• **What to do**
Using the records below, quote only the span that opens with the line containing "[MATERIAL] Thermal Absorptance=0.9;" and closes with the line containing "[HVACTEMPLATE:ZONE:IDEALLOADSAIRSYSTEM]", exactly and inclusively.

• **Excerpted records**
::::::::::
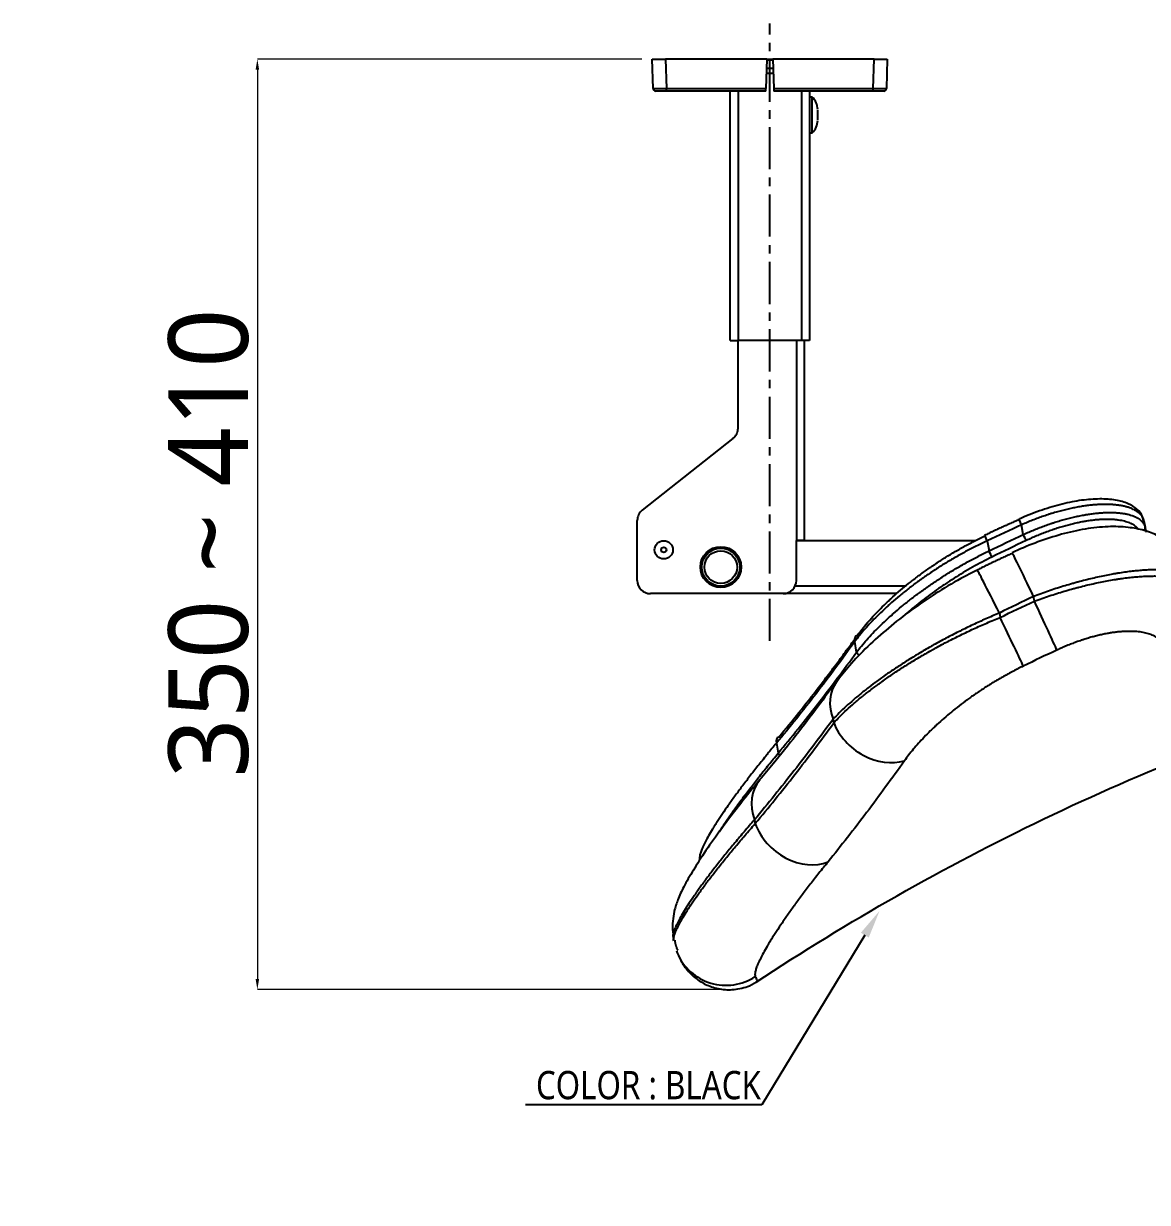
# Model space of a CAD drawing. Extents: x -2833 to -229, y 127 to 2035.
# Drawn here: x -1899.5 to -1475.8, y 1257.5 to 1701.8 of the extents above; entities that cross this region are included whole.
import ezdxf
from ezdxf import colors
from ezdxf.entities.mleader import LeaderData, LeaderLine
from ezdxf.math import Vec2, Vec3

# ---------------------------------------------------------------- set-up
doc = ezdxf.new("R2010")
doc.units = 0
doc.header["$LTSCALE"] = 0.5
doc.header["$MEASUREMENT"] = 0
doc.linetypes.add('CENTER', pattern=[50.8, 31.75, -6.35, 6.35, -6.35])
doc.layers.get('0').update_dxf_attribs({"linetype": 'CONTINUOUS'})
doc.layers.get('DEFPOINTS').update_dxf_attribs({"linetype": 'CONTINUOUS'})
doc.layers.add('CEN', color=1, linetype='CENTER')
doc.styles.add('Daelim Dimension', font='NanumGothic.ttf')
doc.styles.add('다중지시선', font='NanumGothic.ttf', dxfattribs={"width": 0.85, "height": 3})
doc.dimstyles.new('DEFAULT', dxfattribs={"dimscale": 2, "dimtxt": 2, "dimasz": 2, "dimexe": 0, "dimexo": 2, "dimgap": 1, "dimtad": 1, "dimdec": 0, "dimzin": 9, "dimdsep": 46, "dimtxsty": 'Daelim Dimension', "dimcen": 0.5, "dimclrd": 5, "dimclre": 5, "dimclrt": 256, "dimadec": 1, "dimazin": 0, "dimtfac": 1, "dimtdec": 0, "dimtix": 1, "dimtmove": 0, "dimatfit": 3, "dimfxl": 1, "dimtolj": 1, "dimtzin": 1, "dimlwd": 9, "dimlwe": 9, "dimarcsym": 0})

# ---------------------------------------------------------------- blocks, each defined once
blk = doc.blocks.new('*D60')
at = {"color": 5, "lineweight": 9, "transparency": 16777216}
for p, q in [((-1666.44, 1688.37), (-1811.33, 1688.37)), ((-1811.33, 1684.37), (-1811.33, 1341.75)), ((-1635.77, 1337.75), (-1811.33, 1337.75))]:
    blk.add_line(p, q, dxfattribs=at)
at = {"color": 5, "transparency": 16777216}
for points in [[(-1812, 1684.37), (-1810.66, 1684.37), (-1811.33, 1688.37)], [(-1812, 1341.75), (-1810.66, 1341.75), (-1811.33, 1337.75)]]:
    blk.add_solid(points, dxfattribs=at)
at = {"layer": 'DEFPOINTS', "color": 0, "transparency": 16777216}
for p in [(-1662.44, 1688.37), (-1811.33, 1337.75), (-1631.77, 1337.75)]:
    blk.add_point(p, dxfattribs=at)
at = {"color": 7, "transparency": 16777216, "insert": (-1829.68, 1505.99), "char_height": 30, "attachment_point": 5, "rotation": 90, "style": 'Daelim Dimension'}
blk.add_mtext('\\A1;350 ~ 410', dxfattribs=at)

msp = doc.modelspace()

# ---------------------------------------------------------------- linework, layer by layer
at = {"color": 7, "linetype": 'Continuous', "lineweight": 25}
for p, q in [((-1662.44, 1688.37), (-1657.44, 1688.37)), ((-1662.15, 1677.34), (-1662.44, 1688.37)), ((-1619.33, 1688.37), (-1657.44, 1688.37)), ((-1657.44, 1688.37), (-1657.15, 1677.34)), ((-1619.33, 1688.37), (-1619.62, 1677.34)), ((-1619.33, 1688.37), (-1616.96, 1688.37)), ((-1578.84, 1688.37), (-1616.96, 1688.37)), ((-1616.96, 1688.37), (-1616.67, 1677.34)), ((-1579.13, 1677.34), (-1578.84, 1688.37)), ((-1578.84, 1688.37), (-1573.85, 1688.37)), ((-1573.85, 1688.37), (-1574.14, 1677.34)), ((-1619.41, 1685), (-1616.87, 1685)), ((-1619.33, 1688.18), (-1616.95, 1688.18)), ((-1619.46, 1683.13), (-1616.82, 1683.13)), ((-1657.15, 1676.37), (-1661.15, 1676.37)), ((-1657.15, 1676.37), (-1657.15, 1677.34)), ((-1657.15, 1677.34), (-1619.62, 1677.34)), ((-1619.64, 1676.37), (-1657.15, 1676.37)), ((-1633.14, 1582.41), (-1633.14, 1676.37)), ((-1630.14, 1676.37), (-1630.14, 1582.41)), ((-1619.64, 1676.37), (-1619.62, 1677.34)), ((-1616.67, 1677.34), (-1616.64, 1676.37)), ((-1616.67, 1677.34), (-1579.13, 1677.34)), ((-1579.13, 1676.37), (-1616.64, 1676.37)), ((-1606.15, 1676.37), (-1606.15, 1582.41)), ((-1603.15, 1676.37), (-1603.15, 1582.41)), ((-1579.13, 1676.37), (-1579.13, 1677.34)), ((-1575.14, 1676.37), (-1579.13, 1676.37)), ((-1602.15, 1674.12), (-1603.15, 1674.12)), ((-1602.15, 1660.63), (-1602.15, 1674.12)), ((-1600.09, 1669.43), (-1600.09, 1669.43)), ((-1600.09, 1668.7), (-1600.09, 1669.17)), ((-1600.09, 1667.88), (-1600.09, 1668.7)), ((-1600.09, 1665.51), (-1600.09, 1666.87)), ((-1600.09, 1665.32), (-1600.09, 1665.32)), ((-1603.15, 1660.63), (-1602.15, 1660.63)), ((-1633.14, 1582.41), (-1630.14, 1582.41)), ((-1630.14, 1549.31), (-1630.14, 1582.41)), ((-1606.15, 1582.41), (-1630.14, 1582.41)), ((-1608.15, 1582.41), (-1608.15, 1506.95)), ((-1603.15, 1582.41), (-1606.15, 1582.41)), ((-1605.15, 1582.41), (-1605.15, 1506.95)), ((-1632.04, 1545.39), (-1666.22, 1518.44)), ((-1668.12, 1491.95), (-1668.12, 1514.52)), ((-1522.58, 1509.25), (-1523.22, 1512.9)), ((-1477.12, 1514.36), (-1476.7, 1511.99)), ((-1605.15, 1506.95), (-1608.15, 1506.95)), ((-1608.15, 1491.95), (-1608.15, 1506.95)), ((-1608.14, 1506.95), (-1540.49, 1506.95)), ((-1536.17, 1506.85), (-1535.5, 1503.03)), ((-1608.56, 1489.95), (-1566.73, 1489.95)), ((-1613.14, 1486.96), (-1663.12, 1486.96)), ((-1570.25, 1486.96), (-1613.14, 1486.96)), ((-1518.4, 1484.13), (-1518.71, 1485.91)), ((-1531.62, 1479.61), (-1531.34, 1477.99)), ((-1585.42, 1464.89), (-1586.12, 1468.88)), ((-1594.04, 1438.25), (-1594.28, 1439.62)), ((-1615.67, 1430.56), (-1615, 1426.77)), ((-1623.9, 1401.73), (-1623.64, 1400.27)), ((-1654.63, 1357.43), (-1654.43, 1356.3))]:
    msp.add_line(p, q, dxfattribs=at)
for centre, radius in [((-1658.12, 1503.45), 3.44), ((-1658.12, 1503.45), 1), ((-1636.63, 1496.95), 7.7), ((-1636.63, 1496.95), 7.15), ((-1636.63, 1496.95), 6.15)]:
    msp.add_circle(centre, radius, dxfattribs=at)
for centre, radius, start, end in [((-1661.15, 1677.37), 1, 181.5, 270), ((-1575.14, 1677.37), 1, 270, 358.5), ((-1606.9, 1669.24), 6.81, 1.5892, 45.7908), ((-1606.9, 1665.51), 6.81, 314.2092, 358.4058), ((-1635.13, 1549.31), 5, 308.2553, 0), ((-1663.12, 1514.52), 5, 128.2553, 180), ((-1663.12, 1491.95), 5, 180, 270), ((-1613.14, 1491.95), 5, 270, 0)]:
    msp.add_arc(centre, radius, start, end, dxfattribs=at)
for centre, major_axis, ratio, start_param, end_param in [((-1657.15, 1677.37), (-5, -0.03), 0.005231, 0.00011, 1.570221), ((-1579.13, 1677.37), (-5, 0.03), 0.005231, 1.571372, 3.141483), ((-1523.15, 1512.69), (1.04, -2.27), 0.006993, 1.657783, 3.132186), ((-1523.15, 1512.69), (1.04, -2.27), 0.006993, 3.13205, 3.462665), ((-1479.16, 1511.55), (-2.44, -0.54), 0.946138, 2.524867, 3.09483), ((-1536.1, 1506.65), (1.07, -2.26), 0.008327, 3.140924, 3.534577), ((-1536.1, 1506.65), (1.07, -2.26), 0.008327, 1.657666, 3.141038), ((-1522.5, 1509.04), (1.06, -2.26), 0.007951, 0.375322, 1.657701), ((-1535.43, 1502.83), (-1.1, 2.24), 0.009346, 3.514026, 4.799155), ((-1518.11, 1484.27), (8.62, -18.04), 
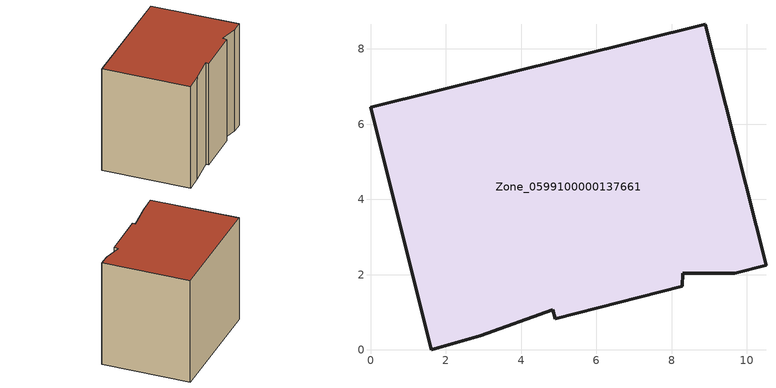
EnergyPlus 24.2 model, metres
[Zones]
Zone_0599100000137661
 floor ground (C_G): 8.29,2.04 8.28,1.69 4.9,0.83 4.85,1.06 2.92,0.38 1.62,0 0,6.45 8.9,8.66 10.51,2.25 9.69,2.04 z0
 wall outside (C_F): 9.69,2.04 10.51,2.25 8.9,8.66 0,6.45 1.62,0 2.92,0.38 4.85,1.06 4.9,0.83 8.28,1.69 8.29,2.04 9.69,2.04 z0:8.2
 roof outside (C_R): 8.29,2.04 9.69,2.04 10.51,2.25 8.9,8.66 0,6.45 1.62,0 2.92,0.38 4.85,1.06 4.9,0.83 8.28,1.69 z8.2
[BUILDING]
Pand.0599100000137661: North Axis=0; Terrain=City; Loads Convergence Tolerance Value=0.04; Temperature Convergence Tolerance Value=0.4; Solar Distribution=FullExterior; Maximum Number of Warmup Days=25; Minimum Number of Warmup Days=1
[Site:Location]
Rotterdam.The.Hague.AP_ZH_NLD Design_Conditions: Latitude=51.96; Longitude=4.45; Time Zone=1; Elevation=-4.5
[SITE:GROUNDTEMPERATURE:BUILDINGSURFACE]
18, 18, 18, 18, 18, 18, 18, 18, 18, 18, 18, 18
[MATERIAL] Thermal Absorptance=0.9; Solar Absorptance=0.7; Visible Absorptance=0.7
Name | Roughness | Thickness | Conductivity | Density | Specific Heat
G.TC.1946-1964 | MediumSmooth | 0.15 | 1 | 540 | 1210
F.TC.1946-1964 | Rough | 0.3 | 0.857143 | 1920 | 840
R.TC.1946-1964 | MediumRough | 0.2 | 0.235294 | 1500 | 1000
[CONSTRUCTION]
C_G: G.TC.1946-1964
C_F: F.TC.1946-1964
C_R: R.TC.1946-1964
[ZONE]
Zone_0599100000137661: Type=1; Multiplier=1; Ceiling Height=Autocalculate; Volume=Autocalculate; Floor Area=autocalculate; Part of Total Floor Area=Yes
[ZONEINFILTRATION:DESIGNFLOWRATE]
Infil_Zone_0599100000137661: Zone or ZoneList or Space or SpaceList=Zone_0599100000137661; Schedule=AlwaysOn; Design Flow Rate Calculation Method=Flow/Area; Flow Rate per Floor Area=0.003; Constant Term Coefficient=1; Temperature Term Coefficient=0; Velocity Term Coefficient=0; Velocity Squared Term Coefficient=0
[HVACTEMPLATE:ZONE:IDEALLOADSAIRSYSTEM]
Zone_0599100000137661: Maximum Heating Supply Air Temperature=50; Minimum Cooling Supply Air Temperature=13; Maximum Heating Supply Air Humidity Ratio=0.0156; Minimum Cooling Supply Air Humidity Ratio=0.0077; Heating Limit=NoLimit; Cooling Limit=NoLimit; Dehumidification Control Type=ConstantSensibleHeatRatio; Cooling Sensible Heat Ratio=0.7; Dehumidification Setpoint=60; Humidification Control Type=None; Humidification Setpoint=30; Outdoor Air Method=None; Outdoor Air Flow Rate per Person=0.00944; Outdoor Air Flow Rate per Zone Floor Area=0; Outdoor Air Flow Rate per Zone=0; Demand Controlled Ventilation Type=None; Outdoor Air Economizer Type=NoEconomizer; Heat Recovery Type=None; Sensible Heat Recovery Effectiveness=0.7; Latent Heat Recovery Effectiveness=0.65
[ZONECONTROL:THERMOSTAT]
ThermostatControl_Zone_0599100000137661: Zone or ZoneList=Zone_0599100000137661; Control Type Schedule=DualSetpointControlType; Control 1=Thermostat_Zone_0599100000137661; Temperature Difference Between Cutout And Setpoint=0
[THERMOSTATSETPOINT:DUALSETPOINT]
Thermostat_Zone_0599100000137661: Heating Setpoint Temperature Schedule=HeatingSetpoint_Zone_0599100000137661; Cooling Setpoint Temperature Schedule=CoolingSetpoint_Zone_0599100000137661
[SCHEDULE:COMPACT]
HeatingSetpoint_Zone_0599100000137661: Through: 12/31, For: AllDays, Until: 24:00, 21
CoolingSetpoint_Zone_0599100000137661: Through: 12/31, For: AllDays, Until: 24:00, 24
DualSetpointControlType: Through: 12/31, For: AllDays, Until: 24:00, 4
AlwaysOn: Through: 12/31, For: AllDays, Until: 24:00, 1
::::::::::
• **Response box**
[MATERIAL] Thermal Absorptance=0.9; Solar Absorptance=0.7; Visible Absorptance=0.7
Name | Roughness | Thickness | Conductivity | Density | Specific Heat
G.TC.1946-1964 | MediumSmooth | 0.15 | 1 | 540 | 1210
F.TC.1946-1964 | Rough | 0.3 | 0.857143 | 1920 | 840
R.TC.1946-1964 | MediumRough | 0.2 | 0.235294 | 1500 | 1000
[CONSTRUCTION]
C_G: G.TC.1946-1964
C_F: F.TC.1946-1964
C_R: R.TC.1946-1964
[ZONE]
Zone_0599100000137661: Type=1; Multiplier=1; Ceiling Height=Autocalculate; Volume=Autocalculate; Floor Area=autocalculate; Part of Total Floor Area=Yes
[ZONEINFILTRATION:DESIGNFLOWRATE]
Infil_Zone_0599100000137661: Zone or ZoneList or Space or SpaceList=Zone_0599100000137661; Schedule=AlwaysOn; Design Flow Rate Calculation Method=Flow/Area; Flow Rate per Floor Area=0.003; Constant Term Coefficient=1; Temperature Term Coefficient=0; Velocity Term Coefficient=0; Velocity Squared Term Coefficient=0
[HVACTEMPLATE:ZONE:IDEALLOADSAIRSYSTEM]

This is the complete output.